▶ The task: From the first line to the last, copy the data exactly and drop the pictures.

▶ Material to process:
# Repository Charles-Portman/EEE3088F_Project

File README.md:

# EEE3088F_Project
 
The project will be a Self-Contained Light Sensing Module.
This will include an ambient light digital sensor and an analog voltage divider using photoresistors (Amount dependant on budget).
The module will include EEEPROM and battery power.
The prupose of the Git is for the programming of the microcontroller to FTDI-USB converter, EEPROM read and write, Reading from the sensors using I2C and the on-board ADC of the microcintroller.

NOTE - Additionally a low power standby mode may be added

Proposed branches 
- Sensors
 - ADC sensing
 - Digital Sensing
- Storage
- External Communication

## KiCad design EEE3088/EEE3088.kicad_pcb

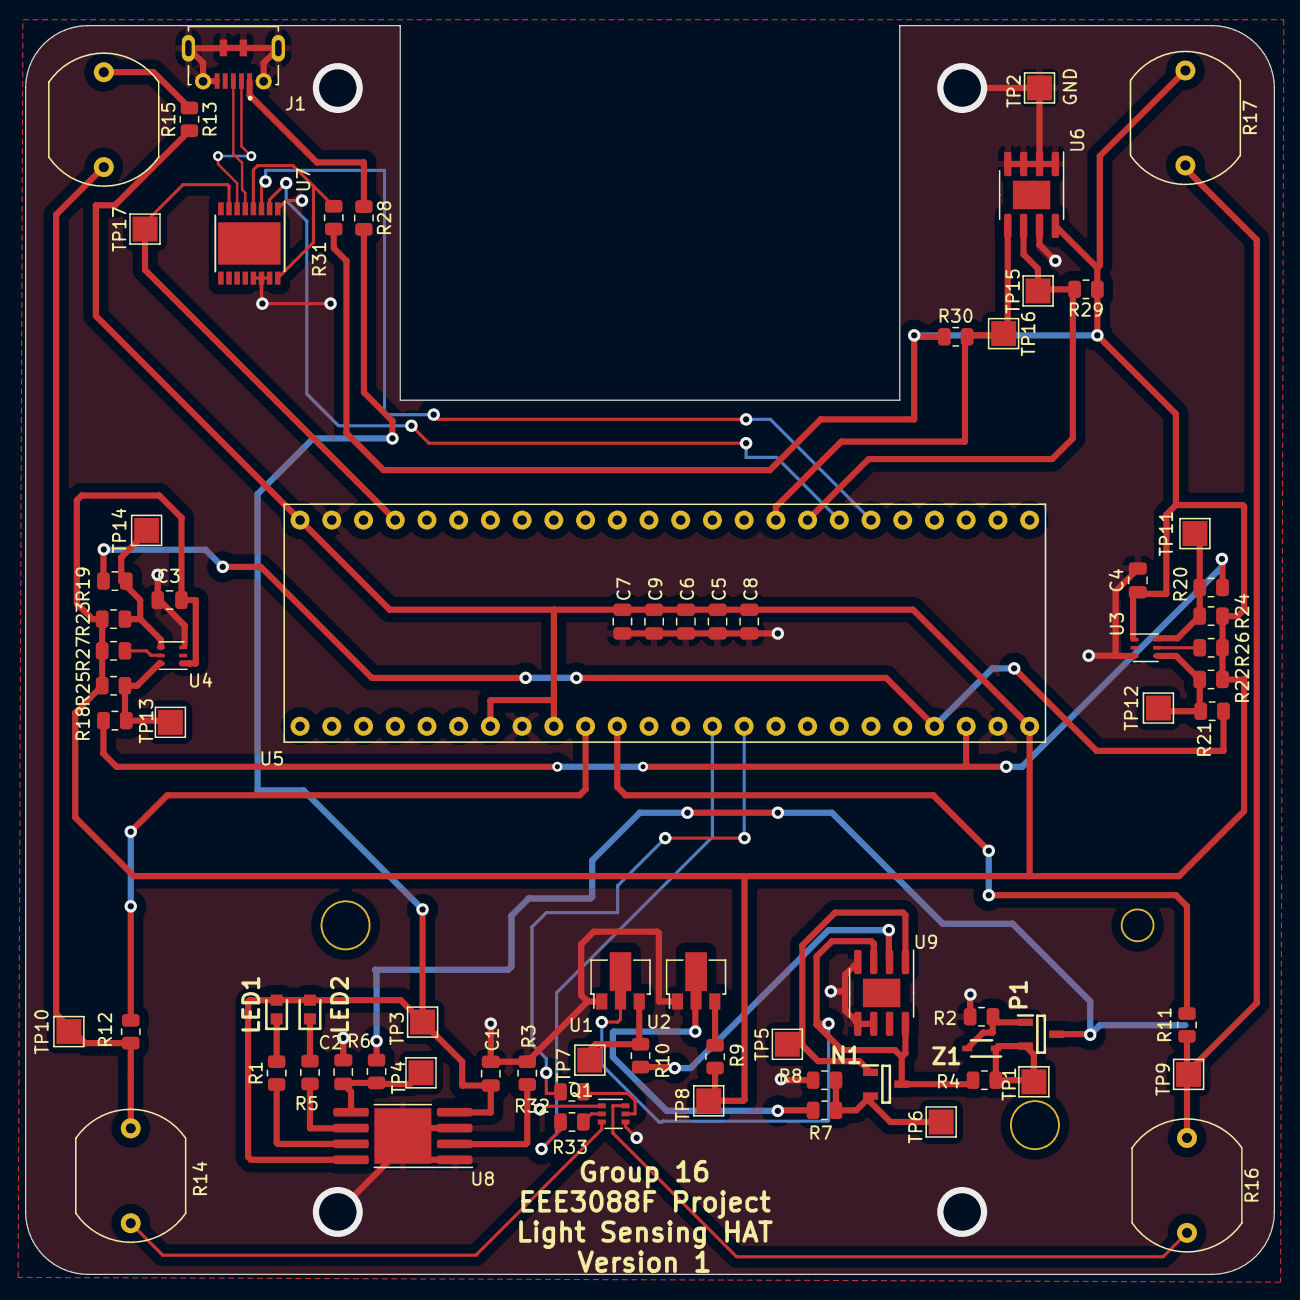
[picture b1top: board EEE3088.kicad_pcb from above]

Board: 2 copper layers, 100.0 x 100.0 mm, 76 parts (1 on the bottom side), 47 nets.

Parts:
Battery-Holder1: BH-18650-PC; 18650_Holder_SMD
C1, C2: 10uF; C_0805_2012Metric
C3, C4, C9: 1uF; C_0805_2012Metric
C5, C6: 100nF; C_0805_2012Metric
C7: 4.7uF; C_0805_2012Metric
C8: 10nF; C_0805_2012Metric
J1: MICROXNJ; SHOUHAN_MICROXNJ
LED1: Red; LEDC1608X70N
LED2: Green; LEDC1608X50N
N1: AO3400A; SOT95P280X125-3N
P1: AO3401A; SOT95P280X125-3N
Q1: MMDT2222A; SOT-363_SC-70-6
R1, R5: 1k; R_0805_2012Metric
R2: 100k; R_0805_2012Metric
R3: 1.2k; R_0805_2012Metric
R4, R6, R7, R9, R10, R11, R12, R13, R18, R19, R20, R21, R28, R31: 0; R_0805_2012Metric
R8: 1M; R_0805_2012Metric
R14, R15, R16, R17: LDR03; R_LDR_10x8.5mm_P7.6mm_Vertical
R22, R23, R24, R25, R26, R27: 10K; R_0805_2012Metric
R29, R30: 1.8k; R_0805_2012Metric
R32, R33: 1K; R_0805_2012Metric
TP1, TP2, TP3, TP4, TP5, TP6, TP7, TP8, TP9, TP10, TP11, TP12, TP13, TP14, TP15, TP16, TP17: TestPoint; TestPoint_Pad_2.0x2.0mm
U1, U2: HT7533-1; SOT-89-3
U3, U4: LTR-303ALS-01; Lite-On_LTR-303ALS-01
U5: Header; STM32F051C6T6
U6: AT24C256C-SSHL-T; SOIC-8-1EP_3.9x4.9mm_P1.27mm_EP2.29x3mm
U7: CH340G; HTSSOP-16-1EP_4.4x5mm_P0.65mm_EP3.4x5mm
U8: TP4056; SOP-8-1EP_4.57x4.57mm_P1.27mm_EP4.57x4.45mm
U9: MCP6002T-I_SN; SOIC-8-1EP_3.9x4.9mm_P1.27mm_EP2.29x3mm
Z1: MM3Z5V6C; SODFL2513X100N

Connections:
+3.3V: C3.1, C4.1, C5.1, C6.1, C7.1, C8.1, C9.1, R9.2, R13.2, R17.1, R22.1, R23.1, R24.1, R25.1, R26.1, R27.1, R29.1, R30.1, R31.1, TP8.1, U3.1 (VDD), U4.1 (VDD), U5.7 (NRST), U5.9 (V+), U5.24 (V+), U5.48 (V+), U6.8 (VCC)
+5V: C1.1, LED1.2, LED2.2, R28.2, TP3.1, U8.4 (VCC), U8.8 (CE)
/Microcontroller/Analogue_Enable1: R33.1, U5.14 (PA4)
/Microcontroller/Analogue_Enable2: R32.1, U5.15 (PA5)
/Microcontroller/EEPROM_SCL: R29.2, TP15.1, U5.32 (PA11), U6.6 (SCL)
/Microcontroller/EEPROM_SDA: R30.2, TP16.1, U5.33 (PA12), U6.5 (SDA)
/Microcontroller/LDR_Vout1: R11.2, U5.11 (PA1)
/Microcontroller/LDR_Vout2: R12.1, U5.10 (PA0)
/Microcontroller/SCLSense: R19.1, R21.1, U5.21 (PB10)
/Microcontroller/SDASense_1: R18.1, R20.2, U5.22 (PB11)
/Microcontroller/USB_D+: J1.3 (D+), U7.5 (UD+)
/Microcontroller/USB_D-: J1.2 (D-), U7.6 (UD-)
/Microcontroller/USB_RXD: U5.30 (PA9), U7.3 (RXD)
/Microcontroller/USB_TIMIN: TP17.1, U5.45 (PB8), U7.7 (XI)
/Microcontroller/USB_TXD: U5.31 (PA10), U7.2 (TXD)
/Power_Subsystem/3.3-back: R10.2, U9.2 (VINA-)
/Power_Subsystem/V-Reg: R7.2, U2.2 (VI)
/Power_Subsystem/V-pos: N1.3, R4.2, U1.2 (VI), U9.3 (VINA+), U9.8 (VDD)
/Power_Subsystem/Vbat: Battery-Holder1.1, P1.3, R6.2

▶ Output below:
# Repository Charles-Portman/EEE3088F_Project

File README.md:

# EEE3088F_Project
 
The project will be a Self-Contained Light Sensing Module.
This will include an ambient light digital sensor and an analog voltage divider using photoresistors (Amount dependant on budget).
The module will include EEEPROM and battery power.
The prupose of the Git is for the programming of the microcontroller to FTDI-USB converter, EEPROM read and write, Reading from the sensors using I2C and the on-board ADC of the microcintroller.

NOTE - Additionally a low power standby mode may be added

Proposed branches 
- Sensors
 - ADC sensing
 - Digital Sensing
- Storage
- External Communication

## KiCad design EEE3088/EEE3088.kicad_pcb

[picture b1top: board EEE3088.kicad_pcb from above]

Board: 2 copper layers, 100.0 x 100.0 mm, 76 parts (1 on the bottom side), 47 nets.

Parts:
Battery-Holder1: BH-18650-PC; 18650_Holder_SMD
C1, C2: 10uF; C_0805_2012Metric
C3, C4, C9: 1uF; C_0805_2012Metric
C5, C6: 100nF; C_0805_2012Metric
C7: 4.7uF; C_0805_2012Metric
C8: 10nF; C_0805_2012Metric
J1: MICROXNJ; SHOUHAN_MICROXNJ
LED1: Red; LEDC1608X70N
LED2: Green; LEDC1608X50N
N1: AO3400A; SOT95P280X125-3N
P1: AO3401A; SOT95P280X125-3N
Q1: MMDT2222A; SOT-363_SC-70-6
R1, R5: 1k; R_0805_2012Metric
R2: 100k; R_0805_2012Metric
R3: 1.2k; R_0805_2012Metric
R4, R6, R7, R9, R10, R11, R12, R13, R18, R19, R20, R21, R28, R31: 0; R_0805_2012Metric
R8: 1M; R_0805_2012Metric
R14, R15, R16, R17: LDR03; R_LDR_10x8.5mm_P7.6mm_Vertical
R22, R23, R24, R25, R26, R27: 10K; R_0805_2012Metric
R29, R30: 1.8k; R_0805_2012Metric
R32, R33: 1K; R_0805_2012Metric
TP1, TP2, TP3, TP4, TP5, TP6, TP7, TP8, TP9, TP10, TP11, TP12, TP13, TP14, TP15, TP16, TP17: TestPoint; TestPoint_Pad_2.0x2.0mm
U1, U2: HT7533-1; SOT-89-3
U3, U4: LTR-303ALS-01; Lite-On_LTR-303ALS-01
U5: Header; STM32F051C6T6
U6: AT24C256C-SSHL-T; SOIC-8-1EP_3.9x4.9mm_P1.27mm_EP2.29x3mm
U7: CH340G; HTSSOP-16-1EP_4.4x5mm_P0.65mm_EP3.4x5mm
U8: TP4056; SOP-8-1EP_4.57x4.57mm_P1.27mm_EP4.57x4.45mm
U9: MCP6002T-I_SN; SOIC-8-1EP_3.9x4.9mm_P1.27mm_EP2.29x3mm
Z1: MM3Z5V6C; SODFL2513X100N

Connections:
+3.3V: C3.1, C4.1, C5.1, C6.1, C7.1, C8.1, C9.1, R9.2, R13.2, R17.1, R22.1, R23.1, R24.1, R25.1, R26.1, R27.1, R29.1, R30.1, R31.1, TP8.1, U3.1 (VDD), U4.1 (VDD), U5.7 (NRST), U5.9 (V+), U5.24 (V+), U5.48 (V+), U6.8 (VCC)
+5V: C1.1, LED1.2, LED2.2, R28.2, TP3.1, U8.4 (VCC), U8.8 (CE)
/Microcontroller/Analogue_Enable1: R33.1, U5.14 (PA4)
/Microcontroller/Analogue_Enable2: R32.1, U5.15 (PA5)
/Microcontroller/EEPROM_SCL: R29.2, TP15.1, U5.32 (PA11), U6.6 (SCL)
/Microcontroller/EEPROM_SDA: R30.2, TP16.1, U5.33 (PA12), U6.5 (SDA)
/Microcontroller/LDR_Vout1: R11.2, U5.11 (PA1)
/Microcontroller/LDR_Vout2: R12.1, U5.10 (PA0)
/Microcontroller/SCLSense: R19.1, R21.1, U5.21 (PB10)
/Microcontroller/SDASense_1: R18.1, R20.2, U5.22 (PB11)
/Microcontroller/USB_D+: J1.3 (D+), U7.5 (UD+)
/Microcontroller/USB_D-: J1.2 (D-), U7.6 (UD-)
/Microcontroller/USB_RXD: U5.30 (PA9), U7.3 (RXD)
/Microcontroller/USB_TIMIN: TP17.1, U5.45 (PB8), U7.7 (XI)
/Microcontroller/USB_TXD: U5.31 (PA10), U7.2 (TXD)
/Power_Subsystem/3.3-back: R10.2, U9.2 (VINA-)
/Power_Subsystem/V-Reg: R7.2, U2.2 (VI)
/Power_Subsystem/V-pos: N1.3, R4.2, U1.2 (VI), U9.3 (VINA+), U9.8 (VDD)
/Power_Subsystem/Vbat: Battery-Holder1.1, P1.3, R6.2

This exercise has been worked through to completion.